Buildings filled with tenants attract investors. What’s striking these days on the leasing end is the demand for transit-oriented property. In the first quarter in the Washington-area market, 92 percent of leasing volume involved buildings within a half-mile of an existing or planned Metrorail station. One driver behind this trend is Tysons, which has four new Metro stations and plenty of new commercial space. But there are plenty of properties in places like Old Town Alexandria or along the Rosslyn-to-Ballston corridor in Arlington County. “All capital is gravitating to the same fundamentals, which is Metro,” Prutting says.

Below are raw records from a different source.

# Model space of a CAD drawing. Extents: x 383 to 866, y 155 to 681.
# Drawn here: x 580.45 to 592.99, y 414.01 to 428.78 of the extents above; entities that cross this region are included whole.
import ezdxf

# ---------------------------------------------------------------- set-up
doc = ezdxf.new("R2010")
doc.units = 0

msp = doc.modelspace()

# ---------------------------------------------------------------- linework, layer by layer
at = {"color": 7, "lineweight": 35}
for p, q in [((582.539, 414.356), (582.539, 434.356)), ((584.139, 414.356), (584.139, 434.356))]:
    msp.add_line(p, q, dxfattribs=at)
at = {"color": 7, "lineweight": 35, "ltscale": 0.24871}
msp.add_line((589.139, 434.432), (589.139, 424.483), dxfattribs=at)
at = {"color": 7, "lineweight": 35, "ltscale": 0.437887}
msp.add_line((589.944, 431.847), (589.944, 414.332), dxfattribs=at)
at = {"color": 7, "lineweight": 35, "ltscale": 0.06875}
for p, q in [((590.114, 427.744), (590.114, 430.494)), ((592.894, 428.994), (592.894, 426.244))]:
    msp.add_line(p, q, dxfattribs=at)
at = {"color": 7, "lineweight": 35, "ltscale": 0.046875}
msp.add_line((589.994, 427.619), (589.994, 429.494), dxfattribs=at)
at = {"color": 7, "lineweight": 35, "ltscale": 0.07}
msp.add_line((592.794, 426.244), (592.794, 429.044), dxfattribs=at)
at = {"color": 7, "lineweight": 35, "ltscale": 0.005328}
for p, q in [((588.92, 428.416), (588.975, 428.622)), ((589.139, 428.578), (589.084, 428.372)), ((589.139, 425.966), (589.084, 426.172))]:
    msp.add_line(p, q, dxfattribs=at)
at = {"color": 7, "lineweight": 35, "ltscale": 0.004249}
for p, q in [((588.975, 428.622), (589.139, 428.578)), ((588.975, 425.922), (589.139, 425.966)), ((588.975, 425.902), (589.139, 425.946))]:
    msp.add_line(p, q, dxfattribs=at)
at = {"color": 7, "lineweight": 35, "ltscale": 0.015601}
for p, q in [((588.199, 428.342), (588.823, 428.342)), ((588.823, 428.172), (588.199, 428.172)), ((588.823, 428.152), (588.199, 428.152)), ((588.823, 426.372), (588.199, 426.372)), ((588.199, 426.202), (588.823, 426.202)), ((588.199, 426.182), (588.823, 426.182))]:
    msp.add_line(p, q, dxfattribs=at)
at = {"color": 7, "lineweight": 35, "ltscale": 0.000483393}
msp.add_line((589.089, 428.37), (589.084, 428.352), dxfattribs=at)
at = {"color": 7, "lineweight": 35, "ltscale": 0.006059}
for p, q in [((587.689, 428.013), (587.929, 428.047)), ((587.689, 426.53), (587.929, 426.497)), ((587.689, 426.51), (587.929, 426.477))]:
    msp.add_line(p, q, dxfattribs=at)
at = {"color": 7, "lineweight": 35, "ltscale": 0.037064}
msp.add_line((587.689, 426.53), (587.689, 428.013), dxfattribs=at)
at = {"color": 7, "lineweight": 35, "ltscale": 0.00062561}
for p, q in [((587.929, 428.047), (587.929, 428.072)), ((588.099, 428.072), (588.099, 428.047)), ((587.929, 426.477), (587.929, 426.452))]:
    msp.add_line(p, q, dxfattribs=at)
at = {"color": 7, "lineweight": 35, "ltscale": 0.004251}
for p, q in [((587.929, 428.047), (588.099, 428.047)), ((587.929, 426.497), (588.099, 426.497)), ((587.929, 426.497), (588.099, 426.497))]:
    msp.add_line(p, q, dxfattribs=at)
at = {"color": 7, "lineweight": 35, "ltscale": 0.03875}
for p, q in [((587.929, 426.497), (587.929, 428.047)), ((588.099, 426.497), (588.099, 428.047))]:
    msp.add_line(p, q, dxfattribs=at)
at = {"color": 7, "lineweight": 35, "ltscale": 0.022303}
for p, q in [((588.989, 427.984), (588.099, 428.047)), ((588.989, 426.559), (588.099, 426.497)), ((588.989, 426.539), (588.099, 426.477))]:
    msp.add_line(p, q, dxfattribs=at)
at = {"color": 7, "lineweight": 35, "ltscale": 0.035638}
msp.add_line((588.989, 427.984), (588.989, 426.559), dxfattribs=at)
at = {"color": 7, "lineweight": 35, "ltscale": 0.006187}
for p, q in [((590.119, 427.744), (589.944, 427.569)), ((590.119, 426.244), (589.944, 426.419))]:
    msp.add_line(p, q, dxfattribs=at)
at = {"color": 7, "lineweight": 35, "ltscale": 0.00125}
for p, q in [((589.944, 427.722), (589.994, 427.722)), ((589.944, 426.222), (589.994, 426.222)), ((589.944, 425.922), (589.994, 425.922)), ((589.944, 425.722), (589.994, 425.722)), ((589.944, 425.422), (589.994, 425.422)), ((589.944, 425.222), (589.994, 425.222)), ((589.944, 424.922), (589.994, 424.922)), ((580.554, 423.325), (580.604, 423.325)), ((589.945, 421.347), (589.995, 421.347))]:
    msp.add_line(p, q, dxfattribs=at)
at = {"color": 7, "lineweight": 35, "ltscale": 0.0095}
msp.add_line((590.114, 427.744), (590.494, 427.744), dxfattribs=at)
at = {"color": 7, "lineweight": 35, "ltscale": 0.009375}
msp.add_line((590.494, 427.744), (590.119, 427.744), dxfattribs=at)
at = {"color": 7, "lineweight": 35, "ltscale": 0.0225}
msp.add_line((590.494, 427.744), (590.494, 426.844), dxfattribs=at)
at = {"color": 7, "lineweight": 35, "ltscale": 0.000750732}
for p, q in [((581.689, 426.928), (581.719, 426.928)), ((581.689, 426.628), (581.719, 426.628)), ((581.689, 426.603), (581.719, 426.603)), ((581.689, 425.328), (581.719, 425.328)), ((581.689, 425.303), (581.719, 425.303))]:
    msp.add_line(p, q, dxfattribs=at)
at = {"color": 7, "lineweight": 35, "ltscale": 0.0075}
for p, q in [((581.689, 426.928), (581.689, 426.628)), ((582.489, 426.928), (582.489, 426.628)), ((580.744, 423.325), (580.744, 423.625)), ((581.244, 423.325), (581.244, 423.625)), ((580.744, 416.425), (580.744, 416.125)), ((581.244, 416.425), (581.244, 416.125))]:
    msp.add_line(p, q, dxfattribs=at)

The appeal of transit comes at an interesting time. Last fall Arlington canceled plans for a streetcar system along Columbia Pike, a project that already had been used by developers to market new projects that now seem stranded.

Also in Northern Virginia, the second phase of the Metrorail Silver Line from Reston to Washington Dulles International Airport has been delayed a year until late 2019.

Meanwhile in Virginia Beach, leaders are laying plans to extend the light rail system launched in Norfolk four years ago all the way to the oceanfront. A final route hasn’t been decided. Adams says supporting light rail would “send a signal to national companies that we’re a forward-thinking, aggressive community, worthy of their relocation consideration.”

“We are in the busiest cycle of our careers, trying to make hay while the sun shines,” he says.